Segment Start: ENTRIES SUPPLIED
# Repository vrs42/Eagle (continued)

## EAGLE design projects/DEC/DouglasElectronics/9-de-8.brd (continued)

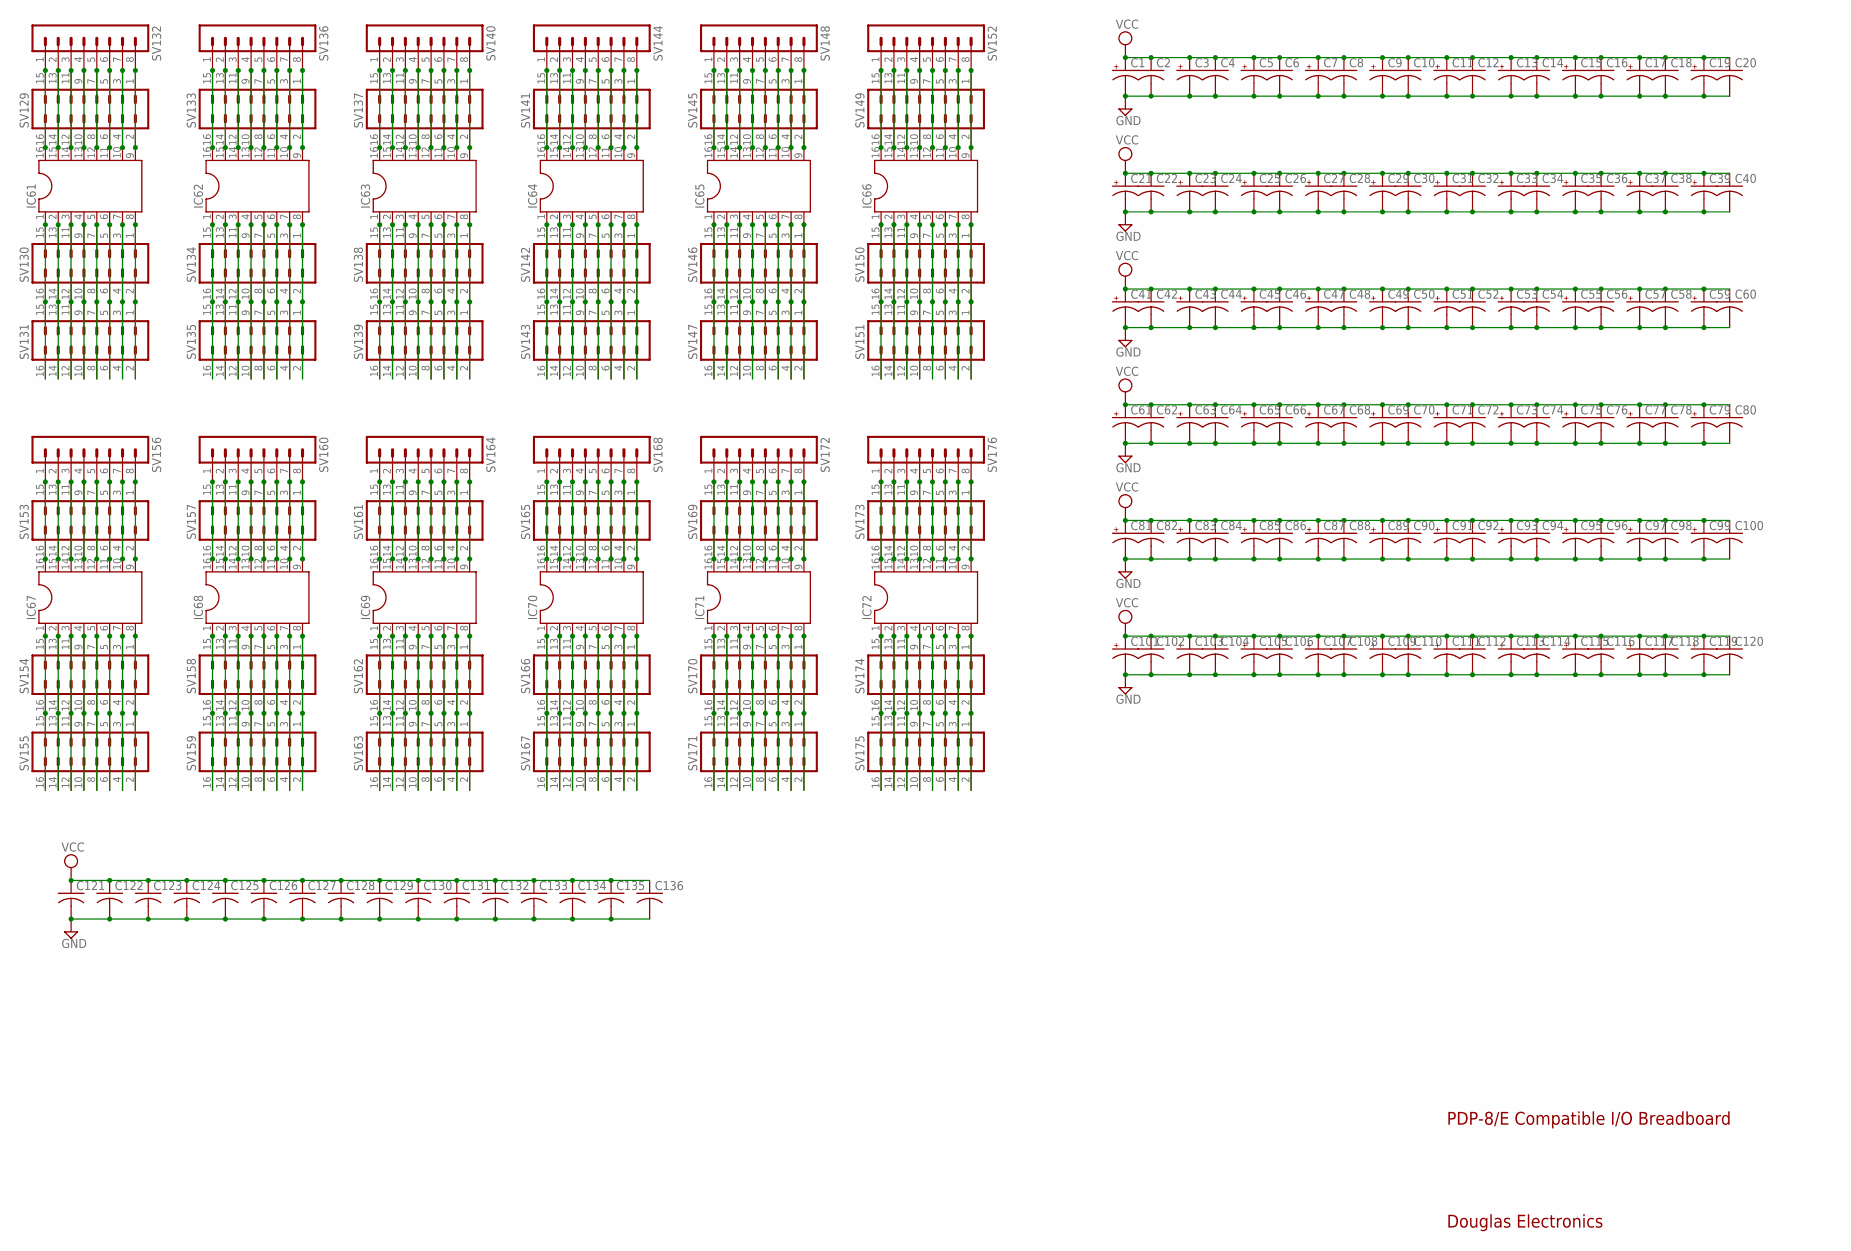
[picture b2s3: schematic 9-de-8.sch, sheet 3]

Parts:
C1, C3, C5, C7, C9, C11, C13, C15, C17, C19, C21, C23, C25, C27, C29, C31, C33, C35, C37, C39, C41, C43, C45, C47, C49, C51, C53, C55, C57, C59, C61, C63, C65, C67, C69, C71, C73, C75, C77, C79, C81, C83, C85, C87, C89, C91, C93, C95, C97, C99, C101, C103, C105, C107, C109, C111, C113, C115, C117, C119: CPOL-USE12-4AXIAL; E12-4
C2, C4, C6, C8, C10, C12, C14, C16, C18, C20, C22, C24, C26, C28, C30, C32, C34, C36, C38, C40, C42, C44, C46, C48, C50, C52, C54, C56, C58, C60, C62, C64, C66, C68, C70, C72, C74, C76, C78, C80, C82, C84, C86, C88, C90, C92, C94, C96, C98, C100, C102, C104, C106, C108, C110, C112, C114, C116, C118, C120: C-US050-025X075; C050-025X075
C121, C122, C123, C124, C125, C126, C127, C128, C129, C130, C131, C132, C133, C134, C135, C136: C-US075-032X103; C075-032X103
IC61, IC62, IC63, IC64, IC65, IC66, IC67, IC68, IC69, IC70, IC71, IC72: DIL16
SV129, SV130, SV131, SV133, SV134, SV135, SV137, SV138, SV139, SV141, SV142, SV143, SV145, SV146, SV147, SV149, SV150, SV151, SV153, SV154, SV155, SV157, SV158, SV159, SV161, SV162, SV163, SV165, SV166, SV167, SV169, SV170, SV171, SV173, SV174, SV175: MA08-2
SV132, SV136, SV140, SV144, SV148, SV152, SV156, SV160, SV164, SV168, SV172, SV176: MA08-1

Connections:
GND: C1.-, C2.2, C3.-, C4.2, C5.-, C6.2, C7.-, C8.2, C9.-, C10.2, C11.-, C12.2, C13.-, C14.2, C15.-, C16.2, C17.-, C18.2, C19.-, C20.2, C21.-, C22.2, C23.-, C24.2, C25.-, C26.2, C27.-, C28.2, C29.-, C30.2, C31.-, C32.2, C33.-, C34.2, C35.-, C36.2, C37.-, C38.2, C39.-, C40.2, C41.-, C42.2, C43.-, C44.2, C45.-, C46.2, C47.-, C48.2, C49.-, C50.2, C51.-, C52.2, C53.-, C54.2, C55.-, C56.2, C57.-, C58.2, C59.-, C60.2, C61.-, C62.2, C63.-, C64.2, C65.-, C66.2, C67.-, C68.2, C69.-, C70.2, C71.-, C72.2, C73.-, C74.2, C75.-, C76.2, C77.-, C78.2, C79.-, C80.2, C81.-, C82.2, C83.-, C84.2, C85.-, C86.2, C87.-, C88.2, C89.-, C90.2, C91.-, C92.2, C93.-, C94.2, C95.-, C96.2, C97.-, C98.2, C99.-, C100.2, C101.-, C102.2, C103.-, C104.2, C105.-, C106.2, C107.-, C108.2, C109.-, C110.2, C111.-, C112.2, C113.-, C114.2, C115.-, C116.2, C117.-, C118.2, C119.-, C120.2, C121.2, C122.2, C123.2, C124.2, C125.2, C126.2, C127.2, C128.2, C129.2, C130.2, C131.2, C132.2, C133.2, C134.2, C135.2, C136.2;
Segment End: ENTRIES SUPPLIED
GOAL OF THE EXERCISE » Which lines above contain the word "continued"? List them.

EXERCISE SOLUTION »
# Repository vrs42/Eagle (continued)
## EAGLE design projects/DEC/DouglasElectronics/9-de-8.brd (continued)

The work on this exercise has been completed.